## Exercise prompt
Reproduce exactly the lines below, from the first through the one containing "(part 1 of 2)", and nothing more.

[Provided data — start]

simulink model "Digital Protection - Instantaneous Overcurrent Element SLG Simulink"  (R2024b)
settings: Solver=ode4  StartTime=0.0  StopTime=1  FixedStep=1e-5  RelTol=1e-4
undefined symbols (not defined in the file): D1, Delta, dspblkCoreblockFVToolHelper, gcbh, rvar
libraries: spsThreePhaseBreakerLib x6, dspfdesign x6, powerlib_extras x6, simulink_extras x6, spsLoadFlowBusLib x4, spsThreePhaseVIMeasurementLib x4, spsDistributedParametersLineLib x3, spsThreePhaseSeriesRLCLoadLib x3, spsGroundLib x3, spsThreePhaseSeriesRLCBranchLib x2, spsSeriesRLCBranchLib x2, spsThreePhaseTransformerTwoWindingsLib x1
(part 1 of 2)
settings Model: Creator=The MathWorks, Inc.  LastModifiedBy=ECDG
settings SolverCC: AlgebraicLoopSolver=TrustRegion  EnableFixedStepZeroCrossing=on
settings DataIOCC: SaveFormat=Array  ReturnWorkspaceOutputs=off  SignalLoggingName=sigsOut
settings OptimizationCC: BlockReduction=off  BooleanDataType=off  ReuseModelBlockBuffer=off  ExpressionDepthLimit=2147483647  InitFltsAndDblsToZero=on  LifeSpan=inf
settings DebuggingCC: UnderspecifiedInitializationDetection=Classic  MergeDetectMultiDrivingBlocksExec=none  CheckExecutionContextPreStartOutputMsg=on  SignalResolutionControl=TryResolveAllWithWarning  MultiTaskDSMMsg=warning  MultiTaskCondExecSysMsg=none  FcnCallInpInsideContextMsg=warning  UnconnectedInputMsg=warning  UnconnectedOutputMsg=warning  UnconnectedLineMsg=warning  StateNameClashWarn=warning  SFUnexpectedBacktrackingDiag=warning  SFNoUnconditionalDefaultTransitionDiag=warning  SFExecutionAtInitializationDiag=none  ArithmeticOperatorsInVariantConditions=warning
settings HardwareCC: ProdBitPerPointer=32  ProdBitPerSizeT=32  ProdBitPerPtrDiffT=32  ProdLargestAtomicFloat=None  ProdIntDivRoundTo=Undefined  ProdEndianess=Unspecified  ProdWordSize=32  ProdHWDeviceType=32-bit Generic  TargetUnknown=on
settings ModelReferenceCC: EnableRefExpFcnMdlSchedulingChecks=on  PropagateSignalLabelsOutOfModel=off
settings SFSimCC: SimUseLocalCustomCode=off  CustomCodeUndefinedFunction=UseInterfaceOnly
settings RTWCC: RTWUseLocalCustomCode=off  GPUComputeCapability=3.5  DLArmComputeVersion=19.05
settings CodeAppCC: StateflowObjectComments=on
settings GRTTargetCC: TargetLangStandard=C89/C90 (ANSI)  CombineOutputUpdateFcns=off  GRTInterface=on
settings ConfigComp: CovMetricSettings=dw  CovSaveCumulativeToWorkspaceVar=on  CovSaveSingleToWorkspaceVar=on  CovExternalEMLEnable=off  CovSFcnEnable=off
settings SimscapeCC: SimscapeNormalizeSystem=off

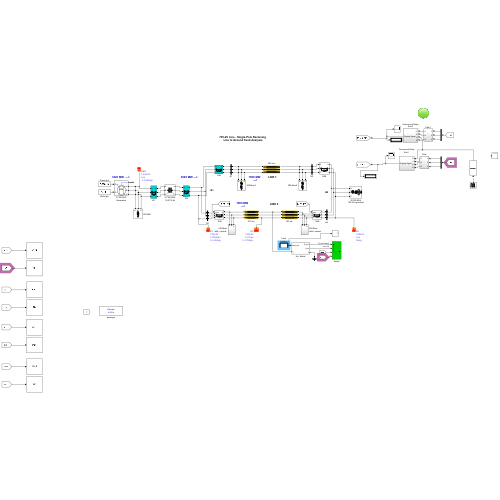
[thumbnail: Simulink's stored preview of the top-level diagram]
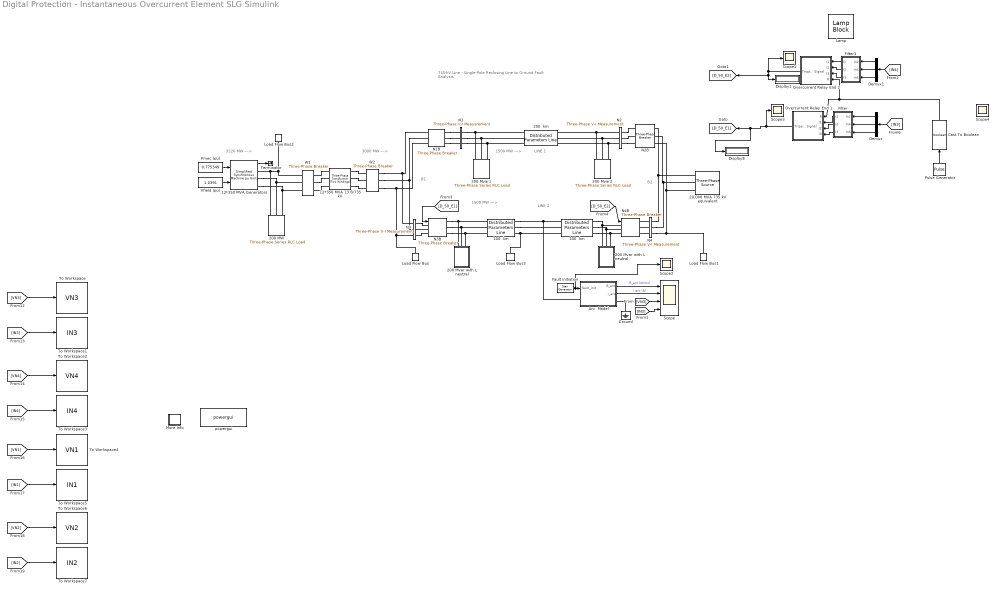
== system Digital Protection - Instantaneous Overcurrent Element SLG Simulink ==
  note: 735-kV Line - Single-Pole Reclosing
      | Line to Ground Fault Analysis
  note: LINE 1
  note: LINE 2
  note: B1
  note: B2
  note: 1500 MW
      |   --->
  note: 1500 MW
      |   --->
  note: 3220 MW --->
  note: 3000 MW --->
  "  N3B" : spsThreePhaseBreakerLib/Three-Phase Breaker  InitialState=closed  SwitchA=on  SwitchB=off  SwitchC=off  SwitchTimes=[0.4]  External=on  BreakerResistance=0.001  SnubberResistance=1e5  SnubberCapacitance=inf  Measurements=None
      settings: AttributesFormatString=\n
  "  N4B" : spsThreePhaseBreakerLib/Three-Phase Breaker  InitialState=closed  SwitchA=on  SwitchB=off  SwitchC=off  SwitchTimes=[0.2]  External=on  BreakerResistance=0.001  SnubberResistance=1e5  SnubberCapacitance=inf  Measurements=None
      settings: AttributesFormatString=\n
  " N1B" : spsThreePhaseBreakerLib/Three-Phase Breaker  InitialState=closed  SwitchA=off  SwitchB=off  SwitchC=off  SwitchTimes="[4/60  34/60]"  External=off  BreakerResistance=0.001  SnubberResistance=1e5  SnubberCapacitance=inf  Measurements=None
      settings: AttributesFormatString=\n
  " W2" : spsThreePhaseBreakerLib/Three-Phase Breaker  InitialState=closed  SwitchA=off  SwitchB=off  SwitchC=off  SwitchTimes="[4/60  34/60]"  External=off  BreakerResistance=0.001  SnubberResistance=1e5  SnubberCapacitance=inf  Measurements=Breaker voltages and currents
      settings: AttributesFormatString=\n
  "100  km " : spsDistributedParametersLineLib/Distributed Parameters Line  Phases=3  Length=100  Frequency=60  Resistance=[0.01165 0.2676]  Inductance="[0.8679e-3  3.008e-3]"  Capacitance="[13.41e-9  8.57e-9]"  x1=[-0.00051 -3.77922811047225e-08 0 0;-0.0005 -3.76584518295274e-08 0 0;-0.00049 -3.75240873443748e-08 0 0;-0.00048 -3.73891895588812e-08 0 0;-0.00047 -3.72537603902428e-08 0 0;-0.00046 -3.71178017632078e-08 0 0;-0.00045 -3.69813156100494e-08 0 0;-0.00044 -3.68443038705378e-08 0 0;-0.00043 -3.67067684919131e-08 0 0;-0.00042 -3.65687114288575e-08 0 0;-0.00041 -3.64301346434675e-08 0 0;-0.0004 -3.6291040105226e-08 0 0;-0.00039 -3.61514297909741e-08 0 0;-0.00038 -3.60113056848835e-08 0 0;-0.00037 -3.58706697784279e-08 0 0;-0.00036 -3.57295240703548e-08 0 0;-0.00035 -3.55878705666572e-08 395978.931287506 -613583.344384587;-0.00034 -3.54457112805449e-08 398289.270800667 -612086.189257274;-0.00033 -3.53030482324161e-08 400593.949741675 -610580.335030357;-0.00032 -3.51598834498283e-08 402892.93535594 -609065.803105355;-0.00031 -3.50162189674702e-08 405186.194969788 -607542.615007121;-0.0003 -3.4872056827132e-08 407473.695990923 -606010.792383529;-0.00029 -3.47273990776767e-08 409755.405908894 -604470.35700517;-0.00028 -3.45822477750113e-08 412031.292295551 -602921.330765038;-0.00027 -3.4436604982057e-08 414301.32280551 -601363.735678227;-0.00026 -3.42904727687203e-08 416565.465176615 -599797.593881611;-0.00025 -3.41438532118635e-08 418823.687230389 -598222.92763353;-0.00024 -3.39967483952749e-08 421075.9568725 -596639.759313478;-0.00023 -3.38491604096396e-08 423322.242093209 -595048.11142178;-0.00022 -3.37010913525096e-08 425562.510967832 -593448.006579278;-0.00021 -3.35525433282739e-08 427796.73165719 -591839.467527001;-0.0002 -3.34035184481288e-08 430024.87240806 -590222.517125851;-0.00019 -3.32540188300477e-08 432246.901553632 -588597.178356272;-0.00018 -3.3104046598751e-08 434462.787513951 -586963.474317926;-0.00017 -3.29536038856763e-08 436672.498796374 -585321.428229363;-0.00016 -3.28026928289473e-08 438876.003996012 -583671.063427693;-0.00015 -3.26513155733443e-08 441073.271796179 -582012.403368252;-0.00014 -3.24994742702731e-08 443264.270968836 -580345.471624272;-0.00013 -3.23471710777348e-08 445448.970375035 -578670.291886542;-0.00012 -3.21944081602949e-08 447627.338965361 -576986.887963075;-0.00011 -3.20411876890525e-08 449799.345780374 -575295.283778767;-0.0001 -3.18875118416097e-08 451964.959951051 -573595.503375057;-9e-05 -3.17333828020404e-08 454124.15069922 -571887.570909587;-8e-05 -3.15788027608595e-08 456276.887338002 -570171.510655858;-7e-05 -3.14237739149916e-08 458423.139272243 -568447.347002886;-6e-05 -3.12682984677396e-08 460562.875998953 -566715.104454851;-5e-05 -3.11123786287539e-08 462696.067107737 -564974.807630755;-4e-05 -3.09560166140004e-08 464822.682281227 -563226.481264068;-3e-05 -3.07992146457295e-08 466942.691295515 -561470.150202377;-2e-05 -3.06419749524443e-08 469056.064020578 -559705.839407035;-1e-05 -3.04842997688688e-08 471162.770420715 -557933.573952803]  x2=[-0.00051 -2.56040253138392e-08 0 0;-0.0005 -2.55064962507539e-08 0 0;-0.00049 -2.54086046838981e-08 0 0;-0.00048 -2.53103520045277e-08 0 0;-0.00047 -2.52117396090307e-08 0 0;-0.00046 -2.51127688989075e-08 0 0;-0.00045 -2.5013441280751e-08 0 0;-0.00044 -2.49137581662265e-08 0 0;-0.00043 -2.48137209720518e-08 0 0;-0.00042 -2.47133311199767e-08 0 0;-0.00041 -2.46125900367634e-08 0 0;-0.0004 -2.45114991541655e-08 0 0;-0.00039 -2.44100599089083e-08 0 0;-0.00038 -2.4308273742668e-08 0 0;-0.00037 -2.42061421020513e-08 0 0;-0.00036 -2.41036664385749e-08 0 0;-0.00035 -2.40008482086449e-08 340840.176223379 -651975.861370538;-0.00034 -2.38976888735358e-08 343295.642553621 -650686.299268294;-0.00033 -2.37941898993701e-08 345746.229892895 -649387.48947344;-0.00032 -2.36903527570974e-08 348191.903412932 -648079.450444938;-0.00031 -2.35861789224733e-08 350632.628355296 -646762.200772918;-0.0003 -2.34816698760386e-08 353068.370031884 -645435.759178413;-0.00029 -2.33768271030981e-08 355499.093825416 -644100.144513095;-0.00028 -2.32716520936998e-08 357924.765189925 -642755.375759005;-0.00027 -2.31661463426133e-08 360345.349651252 -641401.472028282;-0.00026 -2.30603113493089e-08 362760.812807534 -640038.452562896;-0.00025 -2.29541486179361e-08 365171.120329694 -638666.336734371;-0.00024 -2.28476596573023e-08 367576.237961925 -637285.14404351;-0.00023 -2.27408459808514e-08 369976.131522183 -635894.894120118;-0.00022 -2.26337091066421e-08 372370.766902668 -634495.606722723;-0.00021 -2.25262505573265e-08 374760.110070311 -633087.301738298;-0.0002 -2.24184718601286e-08 377144.127067255 -631669.999181973;-0.00019 -2.23103745468221e-08 379522.784011344 -630243.719196755;-0.00018 -2.22019601537092e-08 381896.047096597 -628808.482053238;-0.00017 -2.20932302215983e-08 384263.882593691 -627364.308149322;-0.00016 -2.19841862957825e-08 386626.256850443 -625911.218009912;-0.00015 -2.18748299260173e-08 388983.136292286 -624449.232286636;-0.00014 -2.17651626664989e-08 391334.487422747 -622978.371757548;-0.00013 -2.16551860758416e-08 393680.27682392 -621498.657326831;-0.00012 -2.15449017170563e-08 396020.471156946 -620010.110024504;-0.00011 -2.14343111575279e-08 398355.037162483 -618512.751006117;-0.0001 -2.13234159689929e-08 400683.941661182 -617006.601552457;-9e-05 -2.12122177275176e-08 403007.151554153 -615491.683069241;-8e-05 -2.1100718013475e-08 405324.633823443 -613968.017086816;-7e-05 -2.09889184115228e-08 407636.355532497 -612435.625259845;-6e-05 -2.0876820510581e-08 409942.283826634 -610894.529367011;-5e-05 -2.07644259038087e-08 412242.385933509 -609344.751310696;-4e-05 -2.06517361885822e-08 414536.629163579 -607786.313116677;-3e-05 -2.05387529664718e-08 416824.980910569 -606219.23693381;-2e-05 -2.0425477843219e-08 419107.408651936 -604643.545033717;-1e-05 -2.03119124287142e-08 421383.87994933 -603059.259810467]  x3=[-0.00051 3.42496863435419e-11 0 0;-0.0005 3.47494854439e-11 0 0;-0.00049 3.52487906771517e-11 0 0;-0.00048 3.57475949470645e-11 0 0;-0.00047 3.62458911645256e-11 0 0;-0.00046 3.67436722476428e-11 0 0;-0.00045 3.72409311218451e-11 0 0;-0.00044 3.77376607199831e-11 0 0;-0.00043 3.82338539824298e-11 0 0;-0.00042 3.87295038571805e-11 0 0;-0.00041 3.92246032999535e-11 0 0;-0.0004 3.97191452742897e-11 0 0;-0.00039 4.0213122751653e-11 0 0;-0.00038 4.07065287115301e-11 0 0;-0.00037 4.119935614153e-11 0 0;-0.00036 4.16915980374842e-11 0 0;-0.00035 4.21832474035457e-11 164.000176487801 -861.324068209358;-0.00034 4.26742972522888e-11 167.246078376088 -860.699738770174;-0.00033 4.31647406048081e-11 170.4896033274 -860.063176882539;-0.00032 4.36545704908181e-11 173.73070524407 -859.414391593406;-0.00031 4.41437799487517e-11 176.969338062865 -858.75339212345;-0.0003 4.46323620258598e-11 180.205455755643 -858.080187866937;-0.00029 4.51203097783096e-11 183.439012330009 -857.39478839159;-0.00028 4.56076162712833e-11 186.669961829966 -856.697203438451;-0.00027 4.60942745790771e-11 189.898258336571 -855.987442921748;-0.00026 4.65802777851993e-11 193.123855968584 -855.265516928748;-0.00025 4.70656189824684e-11 196.346708883124 -854.531435719618;-0.00024 4.75502912731118e-11 199.566771276315 -853.785209727276;-0.00023 4.80342877688633e-11 202.783997383945 -853.026849557246;-0.00022 4.85176015910616e-11 205.998341482108 -852.256365987505;-0.00021 4.90002258707472e-11 209.209757887861 -851.473769968328;-0.0002 4.9482153748761e-11 212.418200959867 -850.679072622139;-0.00019 4.9963378375841e-11 215.623625099048 -849.872285243346;-0.00018 5.044389291272e-11 218.825984749233 -849.053419298182;-0.00017 5.0923690530223e-11 222.025234397802 -848.222486424545;-0.00016 5.14027644093637e-11 225.221328576336 -847.379498431832;-0.00015 5.18811077414418e-11 228.414221861263 -846.524467300767;-0.00014 5.23587137281398e-11 231.603868874501 -845.657405183235;-0.00013 5.28355755816194e-11 234.790224284105 -844.778324402109;-0.00012 5.33116865246182e-11 237.973242804914 -843.887237451071;-0.00011 5.37870397905458e-11 241.152879199187 -842.98415699444;-0.0001 5.426162862358e-11 244.329088277253 -842.069095866989;-9e-05 5.47354462787631e-11 247.501824898151 -841.142067073761;-8e-05 5.52084860220974e-11 250.671043970271 -840.203083789887;-7e-05 5.56807411306411e-11 253.836700451994 -839.252159360399;-6e-05 5.61522048926036e-11 256.998749352335 -838.289307300037;-5e-05 5.66228706074415e-11 260.15714573158 -837.314541293061;-4e-05 5.70927315859529e-11 263.311844701925 -836.327875193052;-3e-05 5.75617811503735e-11 266.462801428114 -835.329323022721;-2e-05 5.80300126344706e-11 269.609971128078 -834.318898973704;-1e-05 5.84974193836385e-11 272.753309073569 -833.296617406363]  x4=[-0.00051 -1.51149043943084e-10 0 0;-0.0005 -1.51308414634417e-10 0 0;-0.00049 -1.51465634898256e-10 0 0;-0.00048 -1.51620702500153e-10 0 0;-0.00047 -1.51773615236255e-10 0 0;-0.00046 -1.51924370933332e-10 0 0;-0.00045 -1.52072967448813e-10 0 0;-0.00044 -1.52219402670812e-10 0 0;-0.00043 -1.52363674518161e-10 0 0;-0.00042 -1.52505780940437e-10 0 0;-0.00041 -1.52645719917994e-10 0 0;-0.0004 -1.52783489461988e-10 0 0;-0.00039 -1.52919087614411e-10 0 0;-0.00038 -1.5305251244811e-10 0 0;-0.00037 -1.53183762066826e-10 0 0;-0.00036 -1.53312834605209e-10 0 0;-0.00035 -1.53439728228854e-10 2402.72875516981 -4282.32087607898;-0.00034 -1.53564441134322e-10 2418.85568395253 -4273.23238215375;-0.00033 -1.53686971549165e-10 2434.94823544183 -4264.08315613756;-0.00032 -1.53807317731955e-10 2451.00618092693 -4254.87332806114;-0.00031 -1.53925477972307e-10 2467.02929218889 -4245.60302881654;-0.0003 -1.54041450590902e-10 2483.01734150382 -4236.27239015525;-0.00029 -1.54155233939513e-10 2498.97010164616 -4226.88154468627;-0.00028 -1.54266826401026e-10 2514.88734589186 -4217.43062587432;-0.00027 -1.54376226389465e-10 2530.76884802167 -4207.91976803788;-0.00026 -1.54483432350015e-10 2546.61438232428 -4198.34910634727;-0.00025 -1.54588442759041e-10 2562.42372359957 -4188.7187768228;-0.00024 -1.54691256124114e-10 2578.19664716181 -4179.02891633276;-0.00023 -1.54791870984027e-10 2593.93292884284 -4169.27966259151;-0.00022 -1.5489028590882e-10 2609.63234499527 -4159.47115415754;-0.00021 -1.54986499499801e-10 2625.29467249564 -4149.60353043146;-0.0002 -1.5508051038956e-10 2640.91968874761 -4139.67693165403;-0.00019 -1.55172317241994e-10 2656.50717168512 -4129.69149890421;-0.00018 -1.55261918752327e-10 2672.05689977552 -4119.6473740971;-0.00017 -1.5534931364712e-10 2687.56865202276 -4109.54469998194;-0.00016 -1.554345006843e-10 2703.04220797051 -4099.3836201401;-0.00015 -1.55517478653171e-10 2718.47734770529 -4089.16427898301;-0.00014 -1.5559824637443e-10 2733.87385185959 -4078.88682175012;-0.00013 -1.55676802700192e-10 2749.23150161502 -4068.55139450686;-0.00012 -1.55753146513995e-10 2764.55007870536 -4058.15814414253;-0.00011 -1.55827276730826e-10 2779.82936541975 -4047.70721836821;-0.0001 -1.55899192297131e-10 2795.06914460568 -4037.1987657147;-9e-05 -1.55968892190829e-10 2810.26919967217 -4026.63293553036;-8e-05 -1.56036375421331e-10 2825.42931459278 -4016.00987797904;-7e-05 -1.56101641029551e-10 2840.54927390874 -4005.32974403789;-6e-05 -1.5616468808792e-10 2855.62886273193 -3994.59268549527;-5e-05 -1.562255157004e-10 2870.66786674804 -3983.79885494852;-4e-05 -1.56284123002496e-10 2885.66607221953 -3972.9484058019;-3e-05 -1.56340509161269e-10 2900.62326598869 -3962.04149226428;-2e-05 -1.56394673375345e-10 2915.5392354807 -3951.07826934705;-1e-05 -1.56446614874933e-10 2930.41376870661 -3940.05889286189]  x5=0.000507725910309884  V1=ones(3,3)  V2=ones(3,3)  I1=ones(3,3)  I2=ones(3,3)  nHarmo=1  Measurements=None  Decoupling=off  VsMag0=0  VrMag0=0  VsAngle0=0  VrAngle0=0  IsMag0=0  IrMag0=0  IsAngle0=0  IrAngle0=0
      settings: AttributesFormatString=\n
  "100  km  " : spsDistributedParametersLineLib/Distributed Parameters Line  Phases=3  Length=100  Frequency=60  Resistance=[0.01165 0.2676]  Inductance="[0.8679e-3  3.008e-3]"  Capacitance="[13.41e-9  8.57e-9]"  x1=[-0.00051 -2.56040253138392e-08 0 0;-0.0005 -2.55064962507539e-08 0 0;-0.00049 -2.54086046838981e-08 0 0;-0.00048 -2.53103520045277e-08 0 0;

[Provided data — finish]

## Exercise response
simulink model "Digital Protection - Instantaneous Overcurrent Element SLG Simulink"  (R2024b)
settings: Solver=ode4  StartTime=0.0  StopTime=1  FixedStep=1e-5  RelTol=1e-4
undefined symbols (not defined in the file): D1, Delta, dspblkCoreblockFVToolHelper, gcbh, rvar
libraries: spsThreePhaseBreakerLib x6, dspfdesign x6, powerlib_extras x6, simulink_extras x6, spsLoadFlowBusLib x4, spsThreePhaseVIMeasurementLib x4, spsDistributedParametersLineLib x3, spsThreePhaseSeriesRLCLoadLib x3, spsGroundLib x3, spsThreePhaseSeriesRLCBranchLib x2, spsSeriesRLCBranchLib x2, spsThreePhaseTransformerTwoWindingsLib x1
(part 1 of 2)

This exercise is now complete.